__Data shown__.
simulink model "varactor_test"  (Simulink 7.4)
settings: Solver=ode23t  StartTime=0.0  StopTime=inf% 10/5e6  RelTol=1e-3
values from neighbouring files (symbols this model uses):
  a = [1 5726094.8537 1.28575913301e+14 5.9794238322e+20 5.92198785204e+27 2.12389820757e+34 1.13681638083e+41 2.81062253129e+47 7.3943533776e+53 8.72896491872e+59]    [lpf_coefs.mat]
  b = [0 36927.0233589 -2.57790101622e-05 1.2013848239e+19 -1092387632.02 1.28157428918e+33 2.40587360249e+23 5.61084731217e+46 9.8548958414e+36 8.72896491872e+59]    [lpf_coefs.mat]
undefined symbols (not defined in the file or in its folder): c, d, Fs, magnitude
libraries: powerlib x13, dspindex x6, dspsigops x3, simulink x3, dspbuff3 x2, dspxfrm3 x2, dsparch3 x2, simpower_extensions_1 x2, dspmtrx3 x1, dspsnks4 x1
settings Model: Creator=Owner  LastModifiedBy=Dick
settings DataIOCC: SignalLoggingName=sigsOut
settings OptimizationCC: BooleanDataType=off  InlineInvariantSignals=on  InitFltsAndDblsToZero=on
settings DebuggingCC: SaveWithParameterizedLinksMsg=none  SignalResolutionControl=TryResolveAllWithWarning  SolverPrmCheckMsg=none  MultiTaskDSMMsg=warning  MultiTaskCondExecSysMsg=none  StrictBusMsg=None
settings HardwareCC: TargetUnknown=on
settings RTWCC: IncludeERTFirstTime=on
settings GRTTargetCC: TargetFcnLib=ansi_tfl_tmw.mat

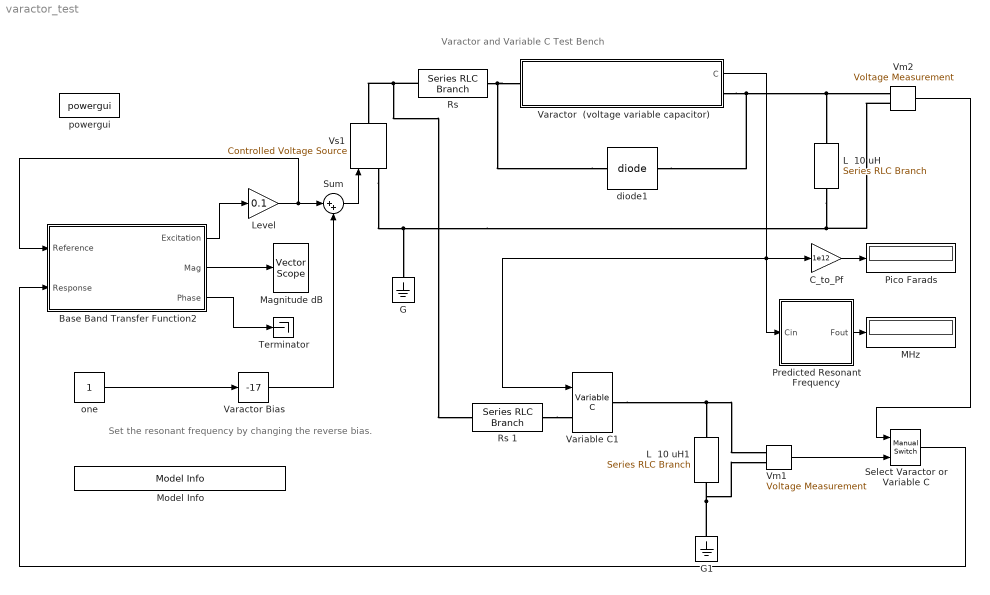
== system varactor_test ==
  note: Varactor and Variable C Test Bench
  note: Set the resonant frequency by changing the reverse bias.
  Base Band Transfer Function2 : Subsystem  Description=Spectrum Analyzer  mask{BW=20e6, NFFT=1024, Avg_fac=100}
      mask prompts: BW "Bandwidth"; NFFT "FFT Length (power of 2)"; Avg_fac "Averaging Factor (>=1)"
  C_to_Pf : Gain  Gain=1e12  ParameterDataType=sfix(16)  ParameterScaling=2^0  OutDataType=sfix(16)  OutScaling=2^0  SaturateOnIntegerOverflow=on  OutDataTypeStr=Inherit: Same as input  ParamDataTypeStr=Inherit: Same as input
  G : powerlib/Elements/Ground  DialogController=POWERSYS.PowerSysDialog  PhysicalDomain=powersysdomain  SubClassName=unknown  LeftPortType=p1  RightPortType=p1  LConnTagsString=a
  G1 : powerlib/Elements/Ground  DialogController=POWERSYS.PowerSysDialog  PhysicalDomain=powersysdomain  SubClassName=unknown  LeftPortType=p1  RightPortType=p1  LConnTagsString=a
  L  10 uH : powerlib/Elements/Series RLC Branch  DialogController=POWERSYS.PowerSysDialog  PhysicalDomain=powersysdomain  SubClassName=unknown  LeftPortType=p1  RightPortType=p1  LConnTagsString=__new0  RConnTagsString=__new0  BranchType=L  Resistance=1.0  Inductance=10e-6  SetiL0=off  InitialCurrent=0  Capacitance=1.0  Setx0=off  InitialVoltage=0  Measurements=None
  L  10 uH1 : powerlib/Elements/Series RLC Branch  DialogController=POWERSYS.PowerSysDialog  PhysicalDomain=powersysdomain  SubClassName=unknown  LeftPortType=p1  RightPortType=p1  LConnTagsString=__new0  RConnTagsString=__new0  BranchType=L  Resistance=1.0  Inductance=10e-6  SetiL0=off  InitialCurrent=0  Capacitance=1.0  Setx0=off  InitialVoltage=0  Measurements=None
  Level : Gain  Gain=0.1  ParameterDataType=sfix(16)  ParameterScaling=2^0  OutDataType=sfix(16)  OutScaling=2^0  SaturateOnIntegerOverflow=on  OutDataTypeStr=Inherit: Same as input  ParamDataTypeStr=Inherit: Same as input
  MHz : Display
      settings: Decimation=100
  Magnitude dB : dspsnks4/Vector Scope  DialogController=dspdialog.VectorScope  DialogControllerArgs=DataTag5  ScopeProperties=on  Domain=Frequency  HorizSpan=1  DisplayProperties=off  AxisGrid=on  Memory=off  FrameNumber=on  AxisLegend=off  AxisZoom=off  OpenScopeAtSimStart=on  OpenScopeImmediately=off  FigPos=[15 321 372 236]  AxisProperties=off  XUnits=Hertz  XRange=[0...Fs/2]  InheritXIncr=on  XIncr=2*Fs  XLabel=Time  XLimit=Auto  XMin=0  XMax=1  XStart=0  YUnits=dB  YLabel=dB  LineProperties=off  LineColors=[1 0 0]|[1 0 0]  XAxisParamsVer=6.8
      settings: YMin=-72.383011667713  YMax=44.0940488527939
  Model Info : simulink/Model-Wide Utilities/Model Info  SystemSampleTime=-1  InitialBlockCM=None  BlockCM=None  Frame=on  DisplayStringWithTags=Copywrite 2005-2010 The MathWorks, Inc.  HorizontalTextAlignment=Center  LeftAlignmentValue=0.5  SourceBlockDiagram=varactor_test  TagMaxNumber=20
  Pico Farads : Display
      settings: Decimation=100
  Predicted Resonant Frequency : Subsystem
  "Rs " : powerlib/Elements/Series RLC Branch  DialogController=POWERSYS.PowerSysDialog  PhysicalDomain=powersysdomain  SubClassName=unknown  LeftPortType=p1  RightPortType=p1  LConnTagsString=__new0  RConnTagsString=__new0  BranchType=R  Resistance=10  Inductance=1.0  SetiL0=off  InitialCurrent=0  Capacitance=1.0  Setx0=off  InitialVoltage=0  Measurements=None
  Rs 1 : powerlib/Elements/Series RLC Branch  DialogController=POWERSYS.PowerSysDialog  PhysicalDomain=powersysdomain  SubClassName=unknown  LeftPortType=p1  RightPortType=p1  LConnTagsString=__new0  RConnTagsString=__new0  BranchType=R  Resistance=10  Inductance=1.0  SetiL0=off  InitialCurrent=0  Capacitance=1.0  Setx0=off  InitialVoltage=0  Measurements=None
  Select Varactor or Variable C : simulink/Signal Routing/Manual Switch  SystemSampleTime=-1  sw=0  action=0  varsize=off
  Sum : Sum  Inputs=|++  OutDataType=sfix(16)  OutScaling=2^0  SaturateOnIntegerOverflow=on
  Terminator : Terminator
  Varactor  (voltage variable capacitor) : Subsystem  mask{Cjo=100e-12, Vj=0.7, M=0.5, Cp=5e-12}
      mask prompts: Cjo "Capacitance Vr==0 (Cjo)"; Vj "Junction Potential (Vj)"; M "Grading Coefficient (M)"; Cp "Package Capacitance (Cp)"
      mask Display: disp('C = Cp + Cjo/((1+Vr/Vj)^M)')
  Varactor Bias : simulink/Math Operations/Slider Gain  SystemSampleTime=-1  low=-20  gain=-17  high=20
  Variable C1 : simpower_extensions_1/Variable C  SystemSampleTime=-1
  Vm1 : powerlib/Measurements/Voltage Measurement  Tag=PoWeRsYsTeMmEaSuReMeNt  DialogController=POWERSYS.PowerSysDialog  SystemSampleTime=-1  PhasorSimulation=off  OutputType=Magnitude  PSBequivalent=0
  Vm2 : powerlib/Measurements/Voltage Measurement  Tag=PoWeRsYsTeMmEaSuReMeNt  DialogController=POWERSYS.PowerSysDialog  SystemSampleTime=-1  PhasorSimulation=off  OutputType=Magnitude  PSBequivalent=0
  Vs1 : powerlib/Electrical Sources/Controlled Voltage Source  Description=source block  DialogController=POWERSYS.PowerSysDialog  SystemSampleTime=-1  Initialize=off  Source_Type=AC  Amplitude=0  Phase=0  Frequency=0  Measurements=None
      settings: AttributesFormatString=\n
  diode1 : simpower_extensions_1/diode  SystemSampleTime=-1  Is=1e-8  Rfwd=1
  one : Constant  OutDataType=sfix(16)  OutScaling=2^0
  powergui : powerlib/powergui  SystemSampleTime=-1  SimulationMode=Continuous  SampleTime=0  frequency=60  SPID=off  DisableSnubberDevices=off  DisableRonSwitches=off  DisableVfSwitches=off  SwTol=0  Interpol=off  frequencyindice=0  echomessages=off  HookPort=off  DisplayEquations=off  FunctionMessages=off  EnableUseOfTLC=off  x0status=blocks  RestoreLinks=warning  Frange=[0:2:500]  Ylog=off  Xlog=on  ShowGrid=off  save=off  variable=ZData  ZoomFFT=on  StartTime=0.0  cycles=1  DisplayStyle=1  fundamental=60  FreqAxis=off  MaxFrequency=1000  frequencyindicesteady=1  RmsSteady=1  display=off  Ts=0  methode=off
  wires:
  Sum/1 -> Vs1/1
  Base Band Transfer Function2/1(Excitation) -> Level/1
  Level/1 -> Sum/1, Base Band Transfer Function2/1("Reference ")
  Varactor  (voltage variable capacitor)/1(C) -> C_to_Pf/1, Predicted Resonant Frequency/1(Cin), Variable C1/1
  C_to_Pf/1 -> Pico Farads/1
  Predicted Resonant Frequency/1(Fout) -> MHz/1
  Vm1/1 -> Select Varactor or Variable C/2
  Vm2/1 -> Select Varactor or Variable C/1
  Select Varactor or Variable C/1 -> Base Band Transfer Function2/2(Response)
  one/1 -> Varactor Bias/1
  Varactor Bias/1 -> Sum/2
  Base Band Transfer Function2/2(Mag) -> Magnitude dB/1
  Base Band Transfer Function2/3(Phase) -> Terminator/1
  connections:
  Vs1/LConn1 -- L  10 uH/RConn1 -- Vm2/LConn2 -- G/LConn1
  "Rs "/LConn1 -- Vs1/RConn1 -- Rs 1/LConn1
  diode1/LConn1 -- "Rs "/RConn1 -- Varactor  (voltage variable capacitor)/LConn1
  diode1/RConn1 -- Varactor  (voltage variable capacitor)/RConn1 -- L  10 uH/LConn1 -- Vm2/LConn1
  Rs 1/RConn1 -- Variable C1/LConn1
  Variable C1/RConn1 -- L  10 uH1/LConn1 -- Vm1/LConn1
  G1/LConn1 -- L  10 uH1/RConn1 -- Vm1/LConn2

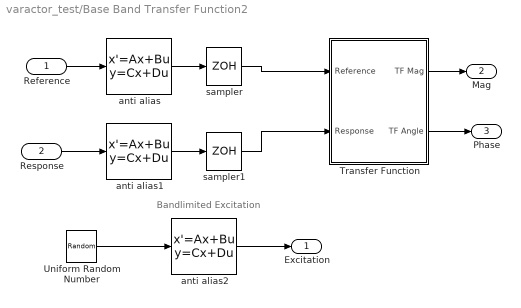
== system varactor_test/Base Band Transfer Function2 ==
  note: Bandlimited Excitation
  "Reference " : Inport  OutDataType=sfix(16)  OutScaling=2^0
  Response : Inport  Port=2  OutDataType=sfix(16)  OutScaling=2^0
  "Transfer Function " : Subsystem  mask{NFFT=NFFT, Navg=Avg_fac, pcnt=100/1.28, unwrap_flag=on}
      mask prompts: NFFT "FFT length (power of 2):"; Navg "Spectral Averaging Factor (>=1):"; pcnt "Percentage of  Alias Free Data  (<=100)"; unwrap_flag "Unwrap Phase"
      mask Display: disp('Transfer Function \n Estimation (v2.0) ')
  Uniform Random Number : UniformRandomNumber  SampleTime=1/(2.56*BW)
  anti alias : StateSpace  AncestorBlock=dsparch3/Analog Filter Design  A=a  B=b  C=c  D=d  mask(Analog Filter Design){method=Elliptic, filttype=Lowpass, N=8, Wlo=BW*2*pi, Whi=80, Rp=2, Rs=100}
      mask prompts: method "Design method:"; filttype "Filter type:"; N "Filter order:"; Wlo "Passband edge frequency (rad/s):"; Whi "(unused)"; Rp "Passband ripple in dB:"; Rs "Stopband attenuation in dB:"
      mask help: Design one of several standard analog filters, implemented in state-space form.
      mask init:
      | [a,b,c,d,h,w,str]=dspblkanalog('design', method,filttype,N,Wlo,Whi,Rp,Rs);
      mask Help: web(dspbhelp);
      mask StyleString: popup(Butterworth|Chebyshev I|Chebyshev II|Elliptic|Bessel),popup(Lowpass|Highpass|Bandpass|Bandstop),edit,edit,edit,edit,edit
      mask CallbackString: dspblkanalog|dspblkanalog|||||
      mask Display: plot(w,h); text(.05,.9,str);
  anti alias1 : StateSpace  AncestorBlock=dsparch3/Analog Filter Design  A=a  B=b  C=c  D=d  mask(Analog Filter Design){method=Elliptic, filttype=Lowpass, N=8, Wlo=BW*2*pi, Whi=80, Rp=2, Rs=100}
      mask prompts: method "Design method:"; filttype "Filter type:"; N "Filter order:"; Wlo "Passband edge frequency (rad/s):"; Whi "(unused)"; Rp "Passband ripple in dB:"; Rs "Stopband attenuation in dB:"
      mask help: Design one of several standard analog filters, implemented in state-space form.
      mask init:
      | [a,b,c,d,h,w,str]=dspblkanalog('design', method,filttype,N,Wlo,Whi,Rp,Rs);
      mask Help: web(dspbhelp);
      mask StyleString: popup(Butterworth|Chebyshev I|Chebyshev II|Elliptic|Bessel),popup(Lowpass|Highpass|Bandpass|Bandstop),edit,edit,edit,edit,edit
      mask CallbackString: dspblkanalog|dspblkanalog|||||
      mask Display: plot(w,h); text(.05,.9,str);
  anti alias2 : StateSpace  AncestorBlock=dsparch3/Analog Filter Design  A=a  B=b  C=c  D=d  mask(Analog Filter Design){method=Elliptic, filttype=Lowpass, N=8, Wlo=BW*2*pi, Whi=80, Rp=2, Rs=100}
      mask prompts: method "Design method:"; filttype "Filter type:"; N "Filter order:"; Wlo "Passband edge frequency (rad/s):"; Whi "(unused)"; Rp "Passband ripple in dB:"; Rs "Stopband attenuation in dB:"
      mask help: Design one of several standard analog filters, implemented in state-space form.
      mask init:
      | [a,b,c,d,h,w,str]=dspblkanalog('design', method,filttype,N,Wlo,Whi,Rp,Rs);
      mask Help: web(dspbhelp);
      mask StyleString: popup(Butterworth|Chebyshev I|Chebyshev II|Elliptic|Bessel),popup(Lowpass|Highpass|Bandpass|Bandstop),edit,edit,edit,edit,edit
      mask CallbackString: dspblkanalog|dspblkanalog|||||
      mask Display: plot(w,h); text(.05,.9,str);
  sampler : ZeroOrderHold  SampleTime=1/(2.56*BW)
  sampler1 : ZeroOrderHold  SampleTime=1/(2.56*BW)
  Excitation : Outport  OutDataType=sfix(16)  OutScaling=2^0
  Mag : Outport  Port=2  OutDataType=sfix(16)  OutScaling=2^0
  Phase : Outport  Port=3  OutDataType=sfix(16)  OutScaling=2^0
  wires:
  "Transfer Function "/2(TF Angle) -> Phase/1
  "Transfer Function "/1(TF Mag) -> Mag/1
  sampler1/1 -> "Transfer Function "/2(Response)
  sampler/1 -> "Transfer Function "/1(Reference)
  anti alias2/1 -> Excitation/1
  Uniform Random Number/1 -> anti alias2/1
  Response/1 -> anti alias1/1
  anti alias1/1 -> sampler1/1
  "Reference "/1 -> anti alias/1
  anti alias/1 -> sampler/1

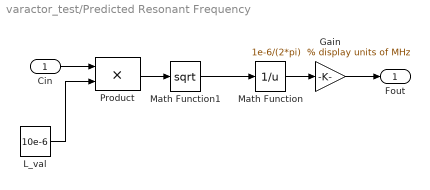
== system varactor_test/Predicted Resonant Frequency ==
  Cin : Inport  OutDataType=sfix(16)  OutScaling=2^0
  Gain : Gain  Gain="1e-6/(2*pi)  % display units of MHz"  ParameterDataType=sfix(16)  ParameterScaling=2^0  OutDataType=sfix(16)  OutScaling=2^0  SaturateOnIntegerOverflow=on  OutDataTypeStr=Inherit: Same as input  ParamDataTypeStr=Inherit: Same as input
  L_val : Constant  Value=10e-6  OutDataType=sfix(16)  OutScaling=2^0
  Math Function : Math  Operator=reciprocal  OutDataType=sfix(16)  OutScaling=2^0  SaturateOnIntegerOverflow=on
  Math Function1 : Math  Operator=sqrt  OutDataType=sfix(16)  OutScaling=2^0  SaturateOnIntegerOverflow=on
  Product : Product  OutDataType=sfix(16)  OutScaling=2^0  SaturateOnIntegerOverflow=on  OutDataTypeStr=Inherit: Same as first input
  Fout : Outport  OutDataType=sfix(16)  OutScaling=2^0
  wires:
  L_val/1 -> Product/2
  Product/1 -> Math Function1/1
  Math Function1/1 -> Math Function/1
  Cin/1 -> Product/1
  Math Function/1 -> Gain/1
  Gain/1 -> Fout/1

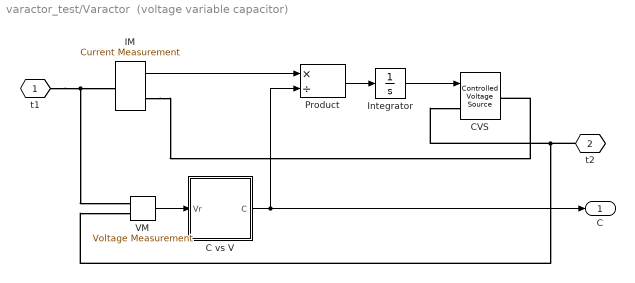
== system varactor_test/Varactor  (voltage variable capacitor) ==
  "C vs V " : Subsystem
  CVS : powerlib/Electrical Sources/Controlled Voltage Source  Description=source block  DialogController=POWERSYS.PowerSysDialog  SystemSampleTime=-1  Initialize=off  Source_Type=AC  Amplitude=0  Phase=0  Frequency=0  Measurements=None
      settings: AttributesFormatString=\n
  IM : powerlib/Measurements/Current Measurement  Tag=PoWeRsYsTeMmEaSuReMeNt  DialogController=POWERSYS.PowerSysDialog  SystemSampleTime=-1  PhasorSimulation=off  OutputType=Magnitude  PSBequivalent=0
  Integrator : Integrator
  Product : Product  Inputs=*/  OutDataType=sfix(16)  OutScaling=2^0  SaturateOnIntegerOverflow=on  OutDataTypeStr=Inherit: Same as first input
  VM : powerlib/Measurements/Voltage Measurement  Tag=PoWeRsYsTeMmEaSuReMeNt  DialogController=POWERSYS.PowerSysDialog  SystemSampleTime=-1  PhasorSimulation=off  OutputType=Magnitude  PSBequivalent=0
  t1 : PMIOPort  Tag=PMCPort  Port=1  Side=Left
  "t2 " : PMIOPort  Tag=PMCPort  Port=2  Side=Right
  C : Outport  OutDataType=sfix(16)  OutScaling=2^0
  wires:
  Integrator/1 -> CVS/1
  Product/1 -> Integrator/1
  VM/1 -> "C vs V "/1("Vr ")
  IM/1 -> Product/1
  "C vs V "/1(C) -> Product/2, C/1
  connections:
  t1/RConn1 -- VM/LConn1 -- IM/LConn1
  IM/RConn1 -- CVS/RConn1
  "t2 "/RConn1 -- CVS/LConn1 -- VM/LConn2

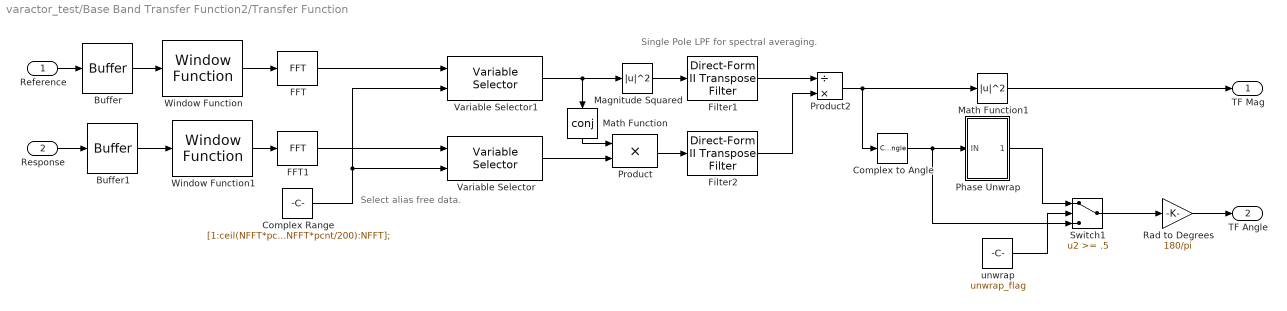
== system varactor_test/Base Band Transfer Function2/Transfer Function  ==
  note: Select alias free data.
  note: Single Pole LPF for spectral averaging.
  Reference : Inport  OutDataType=sfix(16)  OutScaling=2^0
  Response : Inport  Port=2  OutDataType=sfix(16)  OutScaling=2^0
  Buffer : dspbuff3/Buffer  N=NFFT  V=0  ic=0
  Buffer1 : dspbuff3/Buffer  N=NFFT  V=0  ic=0
  Complex Range : Constant  Value=[1:ceil(NFFT*pcnt/200),ceil(1+NFFT-NFFT*pcnt/200):NFFT];  OutDataType=sfix(16)  OutScaling=2^0
  Complex to Angle : ComplexToMagnitudeAngle  Output=Angle
  FFT : dspxfrm3/FFT  DialogController=dspDDGCreate  DialogControllerArgs=DataTag0  CompMethod=Table lookup  TableOpt=HYBRID  TableOptActive=Speed  BitRevOrder=off  InheritFFTLength=on  FFTLength=64  SkipNorm=on  firstCoeffMode=Specify word length  firstCoeffWordLength=16  firstCoeffFracLength=15  roundingMode=Floor  overflowMode=off
  FFT1 : dspxfrm3/FFT  DialogController=dspDDGCreate  DialogControllerArgs=DataTag1  CompMethod=Table lookup  TableOpt=HYBRID  TableOptActive=Speed  BitRevOrder=off  InheritFFTLength=on  FFTLength=64  SkipNorm=on  firstCoeffMode=User-defined  firstCoeffWordLength=16  firstCoeffFracLength=15  roundingMode=Floor  overflowMode=off
  Filter1 : dsparch3/Direct-Form II Transpose Filter  num=1  den=[Navg -(Navg-1)]  ic=eps
  Filter2 : dsparch3/Direct-Form II Transpose Filter  num=1  den=[Navg -(Navg-1)]  ic=eps
  Magnitude Squared : Math  Operator=magnitude^2  OutDataType=sfix(16)  OutScaling=2^0  SaturateOnIntegerOverflow=on
  Math Function : Math  Operator=conj  OutDataType=sfix(16)  OutScaling=2^0  SaturateOnIntegerOverflow=on
  Math Function1 : Math  Operator=magnitude^2  OutDataType=sfix(16)  OutScaling=2^0  SaturateOnIntegerOverflow=on
  Phase Unwrap : Subsystem
  Product : Product  OutDataType=sfix(16)  OutScaling=2^0  SaturateOnIntegerOverflow=on  InputSameDT=on  OutDataTypeStr=Inherit: Same as first input
  Product2 : Product  Inputs=/*  OutDataType=sfix(16)  OutScaling=2^0  SaturateOnIntegerOverflow=on  InputSameDT=on  OutDataTypeStr=Inherit: Same as first input
  Rad to Degrees : Gain  Gain=180/pi  ParameterDataType=sfix(16)  ParameterScaling=2^0  OutDataType=sfix(16)  OutScaling=2^0
  Switch1 : Switch  Threshold=.5
  Variable Selector : dspindex/Variable Selector  NumInputs=1  rowsOrCols=Rows  IdxMode=Variable  Elements=[1 3]  ZerOneIdxMode=One-based  errmode=Clip Index  FillMode=on  FillValues=0
  Variable Selector1 : dspindex/Variable Selector  NumInputs=1  rowsOrCols=Rows  IdxMode=Variable  Elements=[1 3]  ZerOneIdxMode=One-based  errmode=Clip Index  FillMode=on  FillValues=0
  Window Function : dspsigops/Window Function  DialogController=dspDDGCreate  DialogControllerArgs=DataTag3  winmode=Apply window to input  wintype=Hann  sampmode=Continuous  samptime=1  N=64  Rs=50  beta=10  winsamp=Periodic  UserWindow=hamming  OptParams=off  UserParams={'symmetric'}  dataType=double  isSigned=on  wordLen=16  udDataType=sfix(16)  fracBitsMode=Best precision  numFracBits=15  roundingMode=Floor  overflowMode=off  numSidelobes=4  sidelobeLevel=-30
  Window Function1 : dspsigops/Window Function  DialogController=dspDDGCreate  DialogControllerArgs=DataTag4  winmode=Apply window to input  wintype=Hann  sampmode=Continuous  samptime=1  N=64  Rs=50  beta=10  winsamp=Periodic  UserWindow=hamming  OptParams=off  UserParams={'symmetric'}  dataType=double  isSigned=on  wordLen=16  udDataType=sfix(16)  fracBitsMode=Best precision  numFracBits=15  roundingMode=Floor  overflowMode=off  numSidelobes=4  sidelobeLevel=-30
  unwrap : Constant  Value=unwrap_flag  OutDataType=sfix(16)  OutScaling=2^0
  TF Mag : Outport  OutDataType=sfix(16)  OutScaling=2^0
  TF Angle : Outport  Port=2  OutDataType=sfix(16)  OutScaling=2^0
  wires:
  Phase Unwrap/1(Out1) -> Switch1/1
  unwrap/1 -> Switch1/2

__Work required__. From the first line of the entries down to the line with "G1 : powerlib/Elements/Ground", print each line exactly; omit any picture.

__Result of the exercise__.
simulink model "varactor_test"  (Simulink 7.4)
settings: Solver=ode23t  StartTime=0.0  StopTime=inf% 10/5e6  RelTol=1e-3
values from neighbouring files (symbols this model uses):
  a = [1 5726094.8537 1.28575913301e+14 5.9794238322e+20 5.92198785204e+27 2.12389820757e+34 1.13681638083e+41 2.81062253129e+47 7.3943533776e+53 8.72896491872e+59]    [lpf_coefs.mat]
  b = [0 36927.0233589 -2.57790101622e-05 1.2013848239e+19 -1092387632.02 1.28157428918e+33 2.40587360249e+23 5.61084731217e+46 9.8548958414e+36 8.72896491872e+59]    [lpf_coefs.mat]
undefined symbols (not defined in the file or in its folder): c, d, Fs, magnitude
libraries: powerlib x13, dspindex x6, dspsigops x3, simulink x3, dspbuff3 x2, dspxfrm3 x2, dsparch3 x2, simpower_extensions_1 x2, dspmtrx3 x1, dspsnks4 x1
settings Model: Creator=Owner  LastModifiedBy=Dick
settings DataIOCC: SignalLoggingName=sigsOut
settings OptimizationCC: BooleanDataType=off  InlineInvariantSignals=on  InitFltsAndDblsToZero=on
settings DebuggingCC: SaveWithParameterizedLinksMsg=none  SignalResolutionControl=TryResolveAllWithWarning  SolverPrmCheckMsg=none  MultiTaskDSMMsg=warning  MultiTaskCondExecSysMsg=none  StrictBusMsg=None
settings HardwareCC: TargetUnknown=on
settings RTWCC: IncludeERTFirstTime=on
settings GRTTargetCC: TargetFcnLib=ansi_tfl_tmw.mat

== system varactor_test ==
  note: Varactor and Variable C Test Bench
  note: Set the resonant frequency by changing the reverse bias.
  Base Band Transfer Function2 : Subsystem  Description=Spectrum Analyzer  mask{BW=20e6, NFFT=1024, Avg_fac=100}
      mask prompts: BW "Bandwidth"; NFFT "FFT Length (power of 2)"; Avg_fac "Averaging Factor (>=1)"
  C_to_Pf : Gain  Gain=1e12  ParameterDataType=sfix(16)  ParameterScaling=2^0  OutDataType=sfix(16)  OutScaling=2^0  SaturateOnIntegerOverflow=on  OutDataTypeStr=Inherit: Same as input  ParamDataTypeStr=Inherit: Same as input
  G : powerlib/Elements/Ground  DialogController=POWERSYS.PowerSysDialog  PhysicalDomain=powersysdomain  SubClassName=unknown  LeftPortType=p1  RightPortType=p1  LConnTagsString=a
  G1 : powerlib/Elements/Ground  DialogController=POWERSYS.PowerSysDialog  PhysicalDomain=powersysdomain  SubClassName=unknown  LeftPortType=p1  RightPortType=p1  LConnTagsString=a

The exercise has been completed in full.